Dear listfolk,
The case of Pococke's work, for all its obsoleteness, illustrates how India remained the leading Homeland candidate *in Europe* well into the 19th century. This early OIT already existed even before the notion of an IE language family. Voltaire, Johann Herder, Immanuel Kant and others had already traced European culture to India before William Jones' 1786 message of an IE kinship. The key role of Sanskrit in this discovery, and the closeness of Sanskrit to the earliest versions of reconstructed ancestral PIE, made it logical to put the Homeland in India. The classical expression of this Indocentric phase was Friedrich Schlegel's book Sprache und Weisheit der Indier, 1808. But even August Schleicher's 1861 story in PIE about the sheep and the horses is still a lot more Sanskritic than later reconstructions of PIE.
This needs to be said because AIT polemicists, both among professional linguists and among New-Rightist ideologues, always fulminate that the OIT is a "Hindutva concoction" (usually with the implication that "it is politically motivated, so we need not bother answering it"). This is factually incorrect, starting with the fact that VD Savarkar, launcher of the notion Hindutva in his 1924 book Hindutva, simply accepted the AIT, then clad in the aura of science and the prestige of European academe. What much is true is that the Hindutva current latched on to the OIT once KD Sethna revived it in the 1980s. This was after 150 years in which the AIT had played a prominent political role in anti-Hindu discourse, first in British colonial self-justification, then as a cornerstone of the Nazi worldview (contrary to 19th German Indomania, Hitler had a deep contempt for Hindus), and then, until now, as the alpha and omega of the Dalitist and Dravidianist movement and of the Christian Missionary claim on the Tribals. Even then, the Hindutva movement has never invested any effort in pro-OIT research but piggy-backs on the lone efforts of a handful of scholars. It has never even familiarized itself with the state of the art, which explains the uninformed nonsense whenever they open their mouths about the Homeland debate.
Yesterday and today there was a conference of the Indogermanische Gesellschaft in Brussels. During the tea breaks, I discreetly asked around for opinions on the Urheimatfrage. Result was the same as I always find at such conferences: most professionals of IE linguistics have no real opinion on it. Either they are camp-followers of an Urheimat somewhere on the Wolga, simply because that it what was taught to them (thus even two very prominent scholars in the field), or they say that "we will never know", since the question has been around for so long and so many things have already been claimed.

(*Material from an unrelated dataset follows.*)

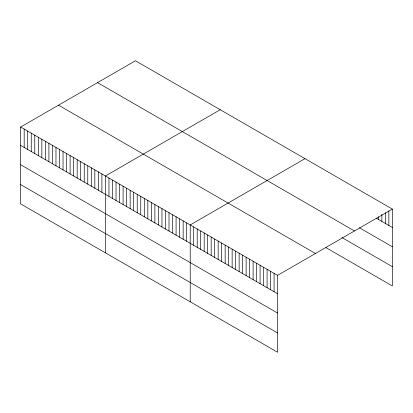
<?xml version="1.0" encoding="UTF-8"?>
<svg xmlns="http://www.w3.org/2000/svg" width="413" height="413" viewBox="0 0 413 413"><rect width="100%" height="100%" fill="white"/><g stroke="black" fill="none" stroke-linecap="round" stroke-linejoin="round"><path stroke-width="0.62" d="M20.65 127.039L277.562 275.363L277.562 352.237L20.65 203.908L20.65 127.039L135.438 60.763L392.35 209.092L392.35 285.961L325.965 247.635M220.217 109.713L105.434 175.984L105.434 252.854M305 158.659L190.212 224.935L190.212 301.805M277.562 275.363L392.35 209.092M376.377 218.234L392.35 227.455M359.408 227.744L392.35 246.762M97.556 82.636L354.473 230.96M341.938 237.552L392.35 266.659M58.527 105.165L315.444 253.494M20.65 145.402L277.562 293.731M20.65 164.71L277.562 313.033M20.65 184.601L277.562 332.93M388.855 210.873L388.855 225.441M385.36 212.659L385.36 223.423M381.87 214.44L381.87 221.404M378.375 216.856L378.375 219.386M274.067 273.349L274.067 291.712M270.577 271.331L270.577 289.694M267.082 269.312L267.082 287.675M263.587 267.294L263.587 285.662M260.092 265.28L260.092 283.643M256.597 263.262L256.597 281.625M253.107 261.243L253.107 279.606M249.612 259.225L249.612 277.593M246.117 257.211L246.117 275.574M242.622 255.193L242.622 273.556M239.127 253.174L239.127 271.537M235.637 251.156L235.637 269.524M232.142 249.142L232.142 267.505M228.647 247.124L228.647 265.487M225.152 245.105L225.152 263.468M221.657 243.087L221.657 261.455M218.167 241.073L218.167 259.436M214.672 239.055L214.672 257.418M211.177 237.036L211.177 255.399M207.682 235.018L207.682 253.386M204.187 233.004L204.187 251.367M200.692 230.986L200.692 249.349M197.202 228.967L197.202 247.33M193.707 226.949L193.707 245.317M186.681 222.891L186.681 241.259M183.15 220.852L183.15 239.22M179.614 218.813L179.614 237.181M176.083 216.773L176.083 235.142M172.551 214.734L172.551 233.102M169.015 212.695L169.015 231.058M165.484 210.656L165.484 229.019M161.953 208.617L161.953 226.98M158.422 206.577L158.422 224.94M154.885 204.538L154.885 222.901M151.354 202.499L151.354 220.862M147.823 200.46L147.823 218.823M144.292 198.421L144.292 216.784M140.756 196.381L140.756 214.745M137.224 194.342L137.224 212.705M133.693 192.303L133.693 210.666M130.157 190.259L130.157 208.627M126.626 188.22L126.626 206.588M123.095 186.18L123.095 204.549M119.563 184.141L119.563 202.509M116.027 182.102L116.027 200.47M112.496 180.063L112.496 198.426M108.965 178.024L108.965 196.387M101.897 173.945L101.897 192.308M98.366 171.906L98.366 190.269M94.835 169.867L94.835 188.23M91.299 167.828L91.299 186.191M87.768 165.789L87.768 184.152M84.237 163.749L84.237 182.112M80.705 161.71L80.705 180.073M77.169 159.671L77.169 178.034M73.638 157.632L73.638 175.995M70.107 155.587L70.107 173.956M66.576 153.548L66.576 171.916M63.039 151.509L63.039 169.877M59.508 149.47L59.508 167.838M55.977 147.431L55.977 165.794M52.441 145.391L52.441 163.754M48.91 143.352L48.91 161.715M45.378 141.313L45.378 159.676M41.847 139.274L41.847 157.637M38.311 137.235L38.311 155.598M34.78 135.196L34.78 153.559M31.249 133.156L31.249 151.519M27.717 131.117L27.717 149.48M24.181 129.078L24.181 147.441"/></g></svg>

For most, it is not a live issue anymore, if only because any concern about origins is deemed quaint; this contrasts with the strong passions the question still provokes in India. It follows that only a small minority really champions the AIT and argues the AIT, not really many more (though with far more institutional support) than the active and competent OIT champions. The latter can be counted on the fingers of two hands, with the majority being Europeans.
Anyway, to sum up: the Pococke case is a reminder that, while the term "OIT" only dates to the 1990s (presumably coined by Edwin Bryant), the OIT as an explanatory model dates to the 18th century, staying on deep into the 19th, and stems not from India but from Europe.
Dr. Koenraad Elst
(till recently Visiting Professor of Indo-European Studies at the Indus University, Ahmedabad, a job that by Indian law I could only get because there was no qualified native candidate in sight)
From a quick google search "India OIT Pococke",
his work appears well known and used in various writings related to the "Out of India" view.
Best,
Christophe
A colleague working on Hellenic religious reconstructionism recently came across an 1852 book by one Edward Pococke entitled
India in Greece: Truth in Mythology (Containing the Sources of the Hellenic Race, the Colonization of Egypt and Palestine, the Wars of the Grand Lama and the Bud'histic Propaganda in Greece). The book itself is
available on Archive, and there is some
information on the author on WorldCat, but not much. Would anyone on this list happen to know more about Pococke and his work?